Here I thought that I'd be the only one voting once a month. Turns out it's in second place, perhaps I'm not dirty after all... Or I have plenty of company lol


----------



## tutliputli (Feb 22, 2009)

Most people voted once a week? I do mine once a fortnight. I feel like such a slob. I have two house rabbits that bound around on (and sometimes in) my bed so I do it quite often. Like a lot of people have already said, I love snuggling into freshly washed sheets.


----------



## MagusAnima (Mar 4, 2010)

KittyGirl said:


> I'm kind of ashamed...
> XD
> Unless my sheets look or smell dirty- I'll prolly sleep on them.
> Same goes with my clothes... I'll wear them unless they smell or look dirty.
> ...


Same here, I'll sleep in them even if they do smell tbh, I don't really care enough about anything anymore... :/ :rain


----------



## so_so_shy (Sep 5, 2005)

Once a week. I could easily change them every day though because my dog sleeps on my bed and she sheds A LOT!


----------



## TheDaffodil (Jun 20, 2009)

When my life is busy, it's more than a week, less than 2 weeks usually. When my life isn't busy it's once a week. Rarely I can get it in twice a week, which is my preference. It's just hard to do when 4 other adults have laundry they're doing (and usually not staying on top of, haha). I feel like bugs will start living in my sheets and do horrible things to my skin if I don't take care of it. And fresh sheets feel/smell really good. I never want that smell to fade! When I get more bedsheets, I'll be able to at least change my sheets more often. I got a new bed so I need sheets that fit it.


----------



## Jnmcda0 (Nov 28, 2003)

You're supposed to wash them? Hmmm. Learn something new every day.

j/k


----------



## sabueed (May 8, 2008)

The only action that happens on my bed is me sleeping. So no, I don't wash them that often.


----------



## Kwtrader (Oct 10, 2007)

sabueed said:


> The only action that happens on my bed is me sleeping. So no, I don't wash them that often.

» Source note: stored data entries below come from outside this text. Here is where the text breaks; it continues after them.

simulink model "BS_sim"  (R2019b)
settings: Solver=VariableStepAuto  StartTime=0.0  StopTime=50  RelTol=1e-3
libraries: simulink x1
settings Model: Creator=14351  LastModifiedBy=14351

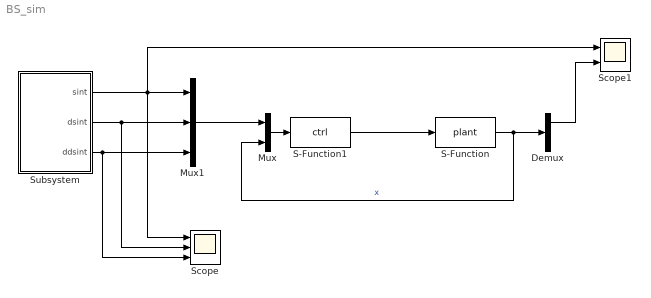
== system BS_sim ==
  Demux : Demux  Outputs=2
  Mux : Mux  Inputs=2
  Mux1 : Mux  Inputs=3
  S-Function : S-Function  FunctionName=plant  Parameters=Pa  SFunctionDeploymentMode=off  EnableBusSupport=off
  S-Function1 : S-Function  FunctionName=ctrl  Parameters=Pa  SFunctionDeploymentMode=off  EnableBusSupport=off
  Scope : Scope  NumInputPorts=3
  Scope1 : Scope  NumInputPorts=2
  Subsystem : Subsystem
  wires:
  S-Function/1 -> Mux/2, Demux/1  "x"
  S-Function1/1 -> S-Function/1
  Mux/1 -> S-Function1/1
  Subsystem/1(sint) -> Scope1/1, Mux1/1, Scope/1
  Subsystem/2(dsint) -> Mux1/2, Scope/2
  Subsystem/3(ddsint) -> Scope/3, Mux1/3
  Demux/1 -> Scope1/2
  Mux1/1 -> Mux/1

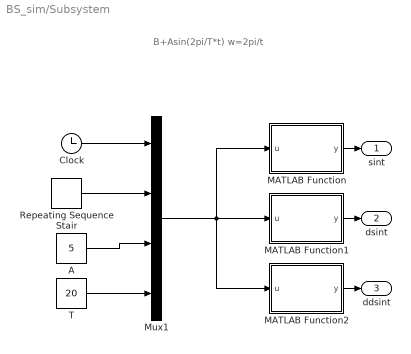
== system BS_sim/Subsystem ==
  note: B+Asin(2pi/T*t)
      | w=2pi/t
  A : Constant  Value=5
  Clock : Clock
      settings: Decimation=50
  MATLAB Function : MATLAB Function  TreatAsAtomicUnit=on
  MATLAB Function1 : MATLAB Function  TreatAsAtomicUnit=on
  MATLAB Function2 : MATLAB Function  TreatAsAtomicUnit=on
  Mux1 : Mux
  Repeating Sequence Stair : simulink/Sources/Repeating Sequence Stair  OutValues=0  tsamp=20  OutMin=[]  OutMax=[]  OutDataTypeStr=double  OutputDataTypeScalingMode=double  OutDataType=fixdt(0,8)  ConRadixGroup=Best Precision: Vector-wise  OutScaling=2^-12
  T : Constant  Value=20
  sint : Outport
  dsint : Outport  Port=2
  ddsint : Outport  Port=3
  wires:
  T/1 -> Mux1/4
  Repeating Sequence Stair/1 -> Mux1/2
  Mux1/1 -> MATLAB Function2/1(u), MATLAB Function1/1(u), MATLAB Function/1(u)
  Clock/1 -> Mux1/1
  MATLAB Function2/1(y) -> ddsint/1
  MATLAB Function/1(y) -> sint/1
  MATLAB Function1/1(y) -> dsint/1
  A/1 -> Mux1/3

== matlab function BS_sim/Subsystem/MATLAB Function1 ==
  data: u input; y output
function y = fcn(u)

y = 2*pi/u(4)*u(3)*cos(2*pi/u(4)*u(1));

== matlab function BS_sim/Subsystem/MATLAB Function ==
  data: u input; y output
function y = fcn(u)

y = u(2)+u(3)*sin(2*pi/u(4)*u(1));

== matlab function BS_sim/Subsystem/MATLAB Function2 ==
  data: u input; y output
function y = fcn(u)

y = -4*pi*pi/u(4)/u(4)*u(3)*sin(2*pi/u(4)*u(1));;

same here. i wash them when its convenient, so sometimes it can be months. i live by my computer and don't have a gf so its cool.


----------



## Judi (Jun 22, 2009)

Once every few months... or maybe once a year? I shower and change to sleeping clothes before I sleep. I don't see what can make bedsheets so dirty.


----------



## sansd (Mar 22, 2006)

I don't know. I sleep on one side of the bed for a while, then sleep on the other for a while, and when it seems like it's been a while I change them. They've never smelled! If I had my own washer and dryer or if doing laundry were cheaper I would do it every week (which is what I did when I was a teenager). I change the pillows/cases more often than I change sides/sheets. I also almost always shower shortly before I go to bed. I can't go to bed not feeling clean.


----------



## steelmyhead (May 31, 2009)

I'll go an change them right now, thanks for bumping the thread. I was going to change them back when it was originally posted, but I postponed it until now.


----------



## pita (Jan 17, 2004)

Not often enough.


----------



## ShyFX (Mar 6, 2006)

Once every three to four weeks.


----------



## creep (Jan 29, 2009)

When the itching starts making it hard to go to sleep.


----------



## Dub16 (Feb 28, 2010)

creep said:


> When the itching starts making it hard to go to sleep.


haha, aye, tis important to have a system! :yes


----------



## Hello22 (Feb 10, 2010)

What's this 'washing' you speak of??


----------